Exercise data: Begin

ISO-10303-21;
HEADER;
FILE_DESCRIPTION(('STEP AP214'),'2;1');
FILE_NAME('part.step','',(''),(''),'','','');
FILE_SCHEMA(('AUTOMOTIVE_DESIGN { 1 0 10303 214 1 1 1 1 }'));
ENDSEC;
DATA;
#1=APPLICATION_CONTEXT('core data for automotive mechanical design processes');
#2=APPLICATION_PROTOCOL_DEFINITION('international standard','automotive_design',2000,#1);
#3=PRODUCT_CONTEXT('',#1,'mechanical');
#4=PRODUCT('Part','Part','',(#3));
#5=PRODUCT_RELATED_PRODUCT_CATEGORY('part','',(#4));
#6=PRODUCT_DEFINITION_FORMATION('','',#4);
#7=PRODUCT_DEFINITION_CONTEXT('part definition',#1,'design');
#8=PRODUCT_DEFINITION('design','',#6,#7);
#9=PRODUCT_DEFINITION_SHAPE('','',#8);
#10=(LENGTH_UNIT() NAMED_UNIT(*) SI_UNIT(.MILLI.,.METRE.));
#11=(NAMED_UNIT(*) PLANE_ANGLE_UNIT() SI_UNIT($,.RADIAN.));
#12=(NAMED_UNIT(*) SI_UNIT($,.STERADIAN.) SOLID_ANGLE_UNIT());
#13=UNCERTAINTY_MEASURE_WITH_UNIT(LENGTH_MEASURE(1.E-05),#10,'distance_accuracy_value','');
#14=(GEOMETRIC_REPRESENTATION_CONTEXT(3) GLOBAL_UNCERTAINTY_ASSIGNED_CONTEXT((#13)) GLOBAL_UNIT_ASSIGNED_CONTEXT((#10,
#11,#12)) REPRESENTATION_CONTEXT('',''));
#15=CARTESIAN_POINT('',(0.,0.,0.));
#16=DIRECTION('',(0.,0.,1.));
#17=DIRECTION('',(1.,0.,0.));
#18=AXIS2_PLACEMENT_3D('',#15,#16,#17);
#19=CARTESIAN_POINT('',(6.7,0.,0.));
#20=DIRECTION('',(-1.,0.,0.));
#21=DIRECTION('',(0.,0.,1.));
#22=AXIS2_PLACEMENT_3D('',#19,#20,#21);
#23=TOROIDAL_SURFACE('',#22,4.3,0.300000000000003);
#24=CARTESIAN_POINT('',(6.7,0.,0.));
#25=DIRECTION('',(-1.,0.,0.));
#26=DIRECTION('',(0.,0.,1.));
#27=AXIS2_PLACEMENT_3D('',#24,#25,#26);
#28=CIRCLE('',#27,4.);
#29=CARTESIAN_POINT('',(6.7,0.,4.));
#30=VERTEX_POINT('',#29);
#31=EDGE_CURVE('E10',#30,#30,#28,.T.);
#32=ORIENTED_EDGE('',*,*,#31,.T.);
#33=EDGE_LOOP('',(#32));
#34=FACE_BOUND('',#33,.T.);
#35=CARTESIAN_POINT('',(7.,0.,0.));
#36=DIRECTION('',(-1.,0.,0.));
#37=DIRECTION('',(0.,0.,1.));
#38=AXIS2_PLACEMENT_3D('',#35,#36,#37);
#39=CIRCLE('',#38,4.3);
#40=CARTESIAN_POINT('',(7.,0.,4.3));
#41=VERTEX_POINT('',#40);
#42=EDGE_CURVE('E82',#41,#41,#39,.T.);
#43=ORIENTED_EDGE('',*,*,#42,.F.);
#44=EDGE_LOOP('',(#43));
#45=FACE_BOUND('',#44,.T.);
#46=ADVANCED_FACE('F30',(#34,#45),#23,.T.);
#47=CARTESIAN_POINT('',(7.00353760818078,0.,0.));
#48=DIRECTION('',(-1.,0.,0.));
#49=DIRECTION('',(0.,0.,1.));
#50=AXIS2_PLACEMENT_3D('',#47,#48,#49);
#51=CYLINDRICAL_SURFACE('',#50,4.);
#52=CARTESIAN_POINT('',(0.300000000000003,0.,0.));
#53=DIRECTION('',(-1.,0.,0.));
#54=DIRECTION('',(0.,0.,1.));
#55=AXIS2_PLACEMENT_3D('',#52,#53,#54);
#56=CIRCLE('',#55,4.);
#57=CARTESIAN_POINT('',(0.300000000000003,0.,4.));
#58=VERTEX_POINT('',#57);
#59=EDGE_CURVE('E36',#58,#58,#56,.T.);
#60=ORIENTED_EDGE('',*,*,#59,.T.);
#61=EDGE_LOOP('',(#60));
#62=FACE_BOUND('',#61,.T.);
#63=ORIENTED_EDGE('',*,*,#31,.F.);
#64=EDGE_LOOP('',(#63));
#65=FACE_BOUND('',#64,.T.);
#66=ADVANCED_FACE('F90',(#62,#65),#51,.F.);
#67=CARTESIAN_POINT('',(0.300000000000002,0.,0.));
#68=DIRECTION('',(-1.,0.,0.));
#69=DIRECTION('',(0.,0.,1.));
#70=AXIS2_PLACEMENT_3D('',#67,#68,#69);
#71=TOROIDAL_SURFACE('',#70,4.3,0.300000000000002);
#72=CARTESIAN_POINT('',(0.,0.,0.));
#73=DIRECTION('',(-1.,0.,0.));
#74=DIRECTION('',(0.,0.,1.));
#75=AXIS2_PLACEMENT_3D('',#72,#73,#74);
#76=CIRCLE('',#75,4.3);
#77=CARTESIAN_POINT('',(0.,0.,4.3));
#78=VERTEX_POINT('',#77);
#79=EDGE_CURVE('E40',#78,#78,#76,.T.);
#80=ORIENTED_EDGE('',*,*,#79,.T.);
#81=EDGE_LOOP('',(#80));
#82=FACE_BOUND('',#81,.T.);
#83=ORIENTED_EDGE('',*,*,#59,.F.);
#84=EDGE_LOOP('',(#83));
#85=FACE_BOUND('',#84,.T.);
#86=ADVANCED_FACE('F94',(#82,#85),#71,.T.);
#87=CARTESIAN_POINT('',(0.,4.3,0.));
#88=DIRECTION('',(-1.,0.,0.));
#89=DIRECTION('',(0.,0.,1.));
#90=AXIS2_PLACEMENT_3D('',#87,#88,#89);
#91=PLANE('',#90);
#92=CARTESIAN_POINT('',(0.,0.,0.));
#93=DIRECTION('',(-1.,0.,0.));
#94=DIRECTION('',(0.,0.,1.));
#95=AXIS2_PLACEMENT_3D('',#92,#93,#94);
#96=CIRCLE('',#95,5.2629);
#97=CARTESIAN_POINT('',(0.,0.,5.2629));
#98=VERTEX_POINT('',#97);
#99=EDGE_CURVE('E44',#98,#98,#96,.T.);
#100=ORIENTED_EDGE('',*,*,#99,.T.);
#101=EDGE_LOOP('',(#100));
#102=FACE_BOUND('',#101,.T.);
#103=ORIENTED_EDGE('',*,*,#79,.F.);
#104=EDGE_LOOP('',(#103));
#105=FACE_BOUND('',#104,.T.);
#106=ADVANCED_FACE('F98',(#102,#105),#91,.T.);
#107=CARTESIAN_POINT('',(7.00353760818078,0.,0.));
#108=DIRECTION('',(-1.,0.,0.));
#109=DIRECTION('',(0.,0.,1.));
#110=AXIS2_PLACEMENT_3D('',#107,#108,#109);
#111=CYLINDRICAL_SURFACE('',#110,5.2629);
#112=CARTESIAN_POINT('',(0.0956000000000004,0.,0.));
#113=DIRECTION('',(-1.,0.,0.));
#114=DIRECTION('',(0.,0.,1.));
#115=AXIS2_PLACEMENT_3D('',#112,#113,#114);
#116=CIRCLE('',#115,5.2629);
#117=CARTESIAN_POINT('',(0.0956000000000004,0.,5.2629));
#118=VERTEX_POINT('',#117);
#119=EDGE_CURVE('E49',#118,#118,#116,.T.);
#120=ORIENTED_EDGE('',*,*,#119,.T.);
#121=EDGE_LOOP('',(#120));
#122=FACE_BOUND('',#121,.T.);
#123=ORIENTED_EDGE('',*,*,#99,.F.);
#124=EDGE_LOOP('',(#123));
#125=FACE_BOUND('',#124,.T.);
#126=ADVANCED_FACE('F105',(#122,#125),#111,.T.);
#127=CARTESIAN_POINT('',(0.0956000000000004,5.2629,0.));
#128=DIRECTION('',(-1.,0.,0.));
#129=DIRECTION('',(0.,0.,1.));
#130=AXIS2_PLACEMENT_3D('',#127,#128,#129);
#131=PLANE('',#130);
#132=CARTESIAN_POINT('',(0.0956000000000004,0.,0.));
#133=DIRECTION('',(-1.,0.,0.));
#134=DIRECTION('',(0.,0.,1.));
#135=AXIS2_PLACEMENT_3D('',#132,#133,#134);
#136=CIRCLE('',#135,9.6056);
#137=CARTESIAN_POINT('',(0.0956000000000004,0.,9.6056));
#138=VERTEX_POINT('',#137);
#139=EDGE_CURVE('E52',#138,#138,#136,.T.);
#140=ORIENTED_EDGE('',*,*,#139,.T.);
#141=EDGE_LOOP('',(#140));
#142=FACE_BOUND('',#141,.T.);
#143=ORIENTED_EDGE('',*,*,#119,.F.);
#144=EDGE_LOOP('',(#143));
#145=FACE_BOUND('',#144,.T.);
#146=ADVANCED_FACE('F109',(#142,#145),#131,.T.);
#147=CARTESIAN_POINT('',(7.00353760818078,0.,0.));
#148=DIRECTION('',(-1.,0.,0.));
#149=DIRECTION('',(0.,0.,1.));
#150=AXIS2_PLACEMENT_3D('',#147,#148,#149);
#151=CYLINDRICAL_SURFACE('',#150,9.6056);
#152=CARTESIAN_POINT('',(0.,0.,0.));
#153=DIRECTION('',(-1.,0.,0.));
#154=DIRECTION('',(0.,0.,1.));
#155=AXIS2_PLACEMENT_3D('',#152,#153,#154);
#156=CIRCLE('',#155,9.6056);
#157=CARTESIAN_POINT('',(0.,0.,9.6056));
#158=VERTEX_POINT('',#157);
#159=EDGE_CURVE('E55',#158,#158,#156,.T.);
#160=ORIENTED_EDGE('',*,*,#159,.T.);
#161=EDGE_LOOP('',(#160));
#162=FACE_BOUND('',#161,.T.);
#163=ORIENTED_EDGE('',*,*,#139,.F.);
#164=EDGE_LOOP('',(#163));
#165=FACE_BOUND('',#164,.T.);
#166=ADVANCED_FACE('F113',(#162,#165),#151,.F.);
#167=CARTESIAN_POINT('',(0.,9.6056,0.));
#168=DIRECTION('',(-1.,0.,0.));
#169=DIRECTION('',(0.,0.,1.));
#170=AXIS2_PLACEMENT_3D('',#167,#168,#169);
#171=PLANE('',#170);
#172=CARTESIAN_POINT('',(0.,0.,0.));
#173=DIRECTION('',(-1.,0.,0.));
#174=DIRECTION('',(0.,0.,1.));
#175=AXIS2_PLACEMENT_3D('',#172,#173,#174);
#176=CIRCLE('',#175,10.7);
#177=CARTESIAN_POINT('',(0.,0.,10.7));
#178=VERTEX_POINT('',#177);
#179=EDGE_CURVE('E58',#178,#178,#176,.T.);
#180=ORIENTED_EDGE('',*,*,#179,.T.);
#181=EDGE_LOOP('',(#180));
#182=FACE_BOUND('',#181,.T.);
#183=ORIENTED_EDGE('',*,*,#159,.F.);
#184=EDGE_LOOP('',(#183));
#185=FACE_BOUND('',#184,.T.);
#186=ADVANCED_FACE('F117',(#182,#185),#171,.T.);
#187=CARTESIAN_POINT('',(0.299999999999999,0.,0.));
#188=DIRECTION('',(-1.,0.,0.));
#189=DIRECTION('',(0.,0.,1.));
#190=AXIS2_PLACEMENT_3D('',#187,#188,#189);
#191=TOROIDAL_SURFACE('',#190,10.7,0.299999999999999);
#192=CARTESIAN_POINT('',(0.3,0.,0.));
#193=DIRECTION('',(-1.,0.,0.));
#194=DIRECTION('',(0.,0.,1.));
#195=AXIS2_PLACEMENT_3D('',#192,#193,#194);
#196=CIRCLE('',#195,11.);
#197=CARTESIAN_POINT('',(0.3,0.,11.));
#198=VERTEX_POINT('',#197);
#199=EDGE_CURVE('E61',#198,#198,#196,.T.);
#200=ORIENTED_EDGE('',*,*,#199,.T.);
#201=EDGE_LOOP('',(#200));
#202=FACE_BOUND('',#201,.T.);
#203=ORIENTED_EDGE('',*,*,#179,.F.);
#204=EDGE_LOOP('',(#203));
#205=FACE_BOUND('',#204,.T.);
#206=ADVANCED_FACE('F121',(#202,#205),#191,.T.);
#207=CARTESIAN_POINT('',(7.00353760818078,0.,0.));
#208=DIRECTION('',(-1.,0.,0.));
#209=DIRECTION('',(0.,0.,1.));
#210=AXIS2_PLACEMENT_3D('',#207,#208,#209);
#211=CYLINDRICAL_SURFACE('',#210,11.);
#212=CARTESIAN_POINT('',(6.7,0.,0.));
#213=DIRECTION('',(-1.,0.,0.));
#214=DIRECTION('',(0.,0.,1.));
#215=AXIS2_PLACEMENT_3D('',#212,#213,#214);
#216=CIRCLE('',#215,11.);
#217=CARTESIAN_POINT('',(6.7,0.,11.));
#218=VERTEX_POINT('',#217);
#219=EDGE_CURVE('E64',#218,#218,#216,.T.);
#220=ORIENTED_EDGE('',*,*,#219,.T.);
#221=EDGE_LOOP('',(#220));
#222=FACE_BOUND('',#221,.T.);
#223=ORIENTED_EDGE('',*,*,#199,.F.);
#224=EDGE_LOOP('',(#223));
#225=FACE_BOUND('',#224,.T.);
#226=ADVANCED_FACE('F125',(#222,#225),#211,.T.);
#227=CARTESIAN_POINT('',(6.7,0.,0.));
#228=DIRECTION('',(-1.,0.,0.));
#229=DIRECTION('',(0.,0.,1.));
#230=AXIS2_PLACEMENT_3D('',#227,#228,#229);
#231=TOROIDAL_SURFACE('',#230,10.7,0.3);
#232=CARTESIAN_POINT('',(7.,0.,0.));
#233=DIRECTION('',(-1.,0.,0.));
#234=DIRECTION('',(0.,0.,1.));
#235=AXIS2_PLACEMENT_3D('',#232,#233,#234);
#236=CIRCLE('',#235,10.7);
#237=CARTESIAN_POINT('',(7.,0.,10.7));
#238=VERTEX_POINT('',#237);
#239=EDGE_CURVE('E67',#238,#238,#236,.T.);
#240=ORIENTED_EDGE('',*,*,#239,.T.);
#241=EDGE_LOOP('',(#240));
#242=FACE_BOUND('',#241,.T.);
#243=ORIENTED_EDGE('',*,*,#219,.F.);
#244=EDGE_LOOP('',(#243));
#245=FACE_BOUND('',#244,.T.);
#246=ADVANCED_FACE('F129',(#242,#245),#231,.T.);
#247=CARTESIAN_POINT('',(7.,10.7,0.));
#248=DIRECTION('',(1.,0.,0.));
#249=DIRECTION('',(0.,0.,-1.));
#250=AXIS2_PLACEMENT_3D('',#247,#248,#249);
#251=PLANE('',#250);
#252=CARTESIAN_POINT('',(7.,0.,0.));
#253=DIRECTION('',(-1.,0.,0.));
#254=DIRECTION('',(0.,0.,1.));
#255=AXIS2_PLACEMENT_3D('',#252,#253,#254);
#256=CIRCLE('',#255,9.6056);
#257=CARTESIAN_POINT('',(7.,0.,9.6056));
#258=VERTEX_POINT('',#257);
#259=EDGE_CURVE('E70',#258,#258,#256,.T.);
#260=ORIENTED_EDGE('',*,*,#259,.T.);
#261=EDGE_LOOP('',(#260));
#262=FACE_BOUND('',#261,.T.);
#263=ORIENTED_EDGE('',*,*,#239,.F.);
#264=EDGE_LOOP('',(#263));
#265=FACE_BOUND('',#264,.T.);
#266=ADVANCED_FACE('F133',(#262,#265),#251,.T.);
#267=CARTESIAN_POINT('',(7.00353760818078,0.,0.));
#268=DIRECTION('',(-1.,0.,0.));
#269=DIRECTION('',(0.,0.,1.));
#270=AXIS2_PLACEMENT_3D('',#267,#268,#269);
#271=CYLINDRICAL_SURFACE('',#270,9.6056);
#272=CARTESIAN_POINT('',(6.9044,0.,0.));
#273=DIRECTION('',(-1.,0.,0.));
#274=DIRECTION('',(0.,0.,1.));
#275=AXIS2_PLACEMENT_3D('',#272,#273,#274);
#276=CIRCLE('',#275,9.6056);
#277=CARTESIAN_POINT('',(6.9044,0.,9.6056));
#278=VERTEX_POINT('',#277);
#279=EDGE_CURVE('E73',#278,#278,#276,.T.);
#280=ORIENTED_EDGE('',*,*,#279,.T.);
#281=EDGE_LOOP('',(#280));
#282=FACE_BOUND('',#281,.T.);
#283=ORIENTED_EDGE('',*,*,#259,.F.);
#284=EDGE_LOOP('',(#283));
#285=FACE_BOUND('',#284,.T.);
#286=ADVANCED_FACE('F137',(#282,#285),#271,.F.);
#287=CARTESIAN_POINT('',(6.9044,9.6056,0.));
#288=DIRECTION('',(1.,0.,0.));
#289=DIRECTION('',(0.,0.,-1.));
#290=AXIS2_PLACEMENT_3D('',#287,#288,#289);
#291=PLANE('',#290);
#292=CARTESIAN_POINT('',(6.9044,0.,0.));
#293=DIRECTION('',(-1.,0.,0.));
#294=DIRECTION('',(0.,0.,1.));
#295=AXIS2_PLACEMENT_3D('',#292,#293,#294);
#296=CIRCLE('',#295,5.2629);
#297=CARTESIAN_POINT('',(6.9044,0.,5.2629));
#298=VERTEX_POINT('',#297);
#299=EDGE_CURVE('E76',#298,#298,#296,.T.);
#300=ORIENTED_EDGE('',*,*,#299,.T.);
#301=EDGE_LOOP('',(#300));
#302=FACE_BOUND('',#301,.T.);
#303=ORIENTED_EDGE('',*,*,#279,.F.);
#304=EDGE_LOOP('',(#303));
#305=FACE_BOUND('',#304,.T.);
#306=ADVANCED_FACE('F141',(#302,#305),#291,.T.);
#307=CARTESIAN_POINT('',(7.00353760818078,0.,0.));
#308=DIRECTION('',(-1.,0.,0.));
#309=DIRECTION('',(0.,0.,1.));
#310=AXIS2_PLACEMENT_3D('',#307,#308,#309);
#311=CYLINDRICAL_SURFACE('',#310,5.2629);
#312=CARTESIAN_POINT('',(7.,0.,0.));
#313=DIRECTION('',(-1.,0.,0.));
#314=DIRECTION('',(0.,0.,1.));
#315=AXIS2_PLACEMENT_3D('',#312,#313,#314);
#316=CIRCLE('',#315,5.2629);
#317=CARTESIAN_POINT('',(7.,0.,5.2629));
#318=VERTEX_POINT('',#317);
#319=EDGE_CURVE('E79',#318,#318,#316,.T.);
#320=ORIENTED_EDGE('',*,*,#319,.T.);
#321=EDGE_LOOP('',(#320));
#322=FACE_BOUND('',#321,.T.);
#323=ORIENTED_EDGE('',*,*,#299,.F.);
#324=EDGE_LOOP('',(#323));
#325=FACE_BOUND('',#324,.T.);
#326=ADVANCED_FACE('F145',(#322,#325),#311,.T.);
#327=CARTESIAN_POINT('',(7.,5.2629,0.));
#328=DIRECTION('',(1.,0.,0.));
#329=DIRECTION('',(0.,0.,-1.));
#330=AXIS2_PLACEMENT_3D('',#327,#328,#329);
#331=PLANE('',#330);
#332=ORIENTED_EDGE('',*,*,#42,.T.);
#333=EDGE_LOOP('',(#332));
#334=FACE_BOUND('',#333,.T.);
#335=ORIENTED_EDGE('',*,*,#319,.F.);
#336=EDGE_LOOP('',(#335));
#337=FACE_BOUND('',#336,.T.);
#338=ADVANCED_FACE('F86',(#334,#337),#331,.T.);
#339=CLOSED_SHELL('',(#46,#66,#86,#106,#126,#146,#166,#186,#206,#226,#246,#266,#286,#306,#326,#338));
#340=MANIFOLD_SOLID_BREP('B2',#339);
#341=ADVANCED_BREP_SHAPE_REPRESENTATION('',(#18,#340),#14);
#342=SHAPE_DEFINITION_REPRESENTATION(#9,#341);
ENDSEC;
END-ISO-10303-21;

Exercise data: End

Aim of the exercise => Return the entries exactly through the "#12=(NAMED_UNIT(*) SI_UNIT($,.STERADIAN.) SOLID_ANGLE_UNIT());" line.

Reply =>
ISO-10303-21;
HEADER;
FILE_DESCRIPTION(('STEP AP214'),'2;1');
FILE_NAME('part.step','',(''),(''),'','','');
FILE_SCHEMA(('AUTOMOTIVE_DESIGN { 1 0 10303 214 1 1 1 1 }'));
ENDSEC;
DATA;
#1=APPLICATION_CONTEXT('core data for automotive mechanical design processes');
#2=APPLICATION_PROTOCOL_DEFINITION('international standard','automotive_design',2000,#1);
#3=PRODUCT_CONTEXT('',#1,'mechanical');
#4=PRODUCT('Part','Part','',(#3));
#5=PRODUCT_RELATED_PRODUCT_CATEGORY('part','',(#4));
#6=PRODUCT_DEFINITION_FORMATION('','',#4);
#7=PRODUCT_DEFINITION_CONTEXT('part definition',#1,'design');
#8=PRODUCT_DEFINITION('design','',#6,#7);
#9=PRODUCT_DEFINITION_SHAPE('','',#8);
#10=(LENGTH_UNIT() NAMED_UNIT(*) SI_UNIT(.MILLI.,.METRE.));
#11=(NAMED_UNIT(*) PLANE_ANGLE_UNIT() SI_UNIT($,.RADIAN.));
#12=(NAMED_UNIT(*) SI_UNIT($,.STERADIAN.) SOLID_ANGLE_UNIT());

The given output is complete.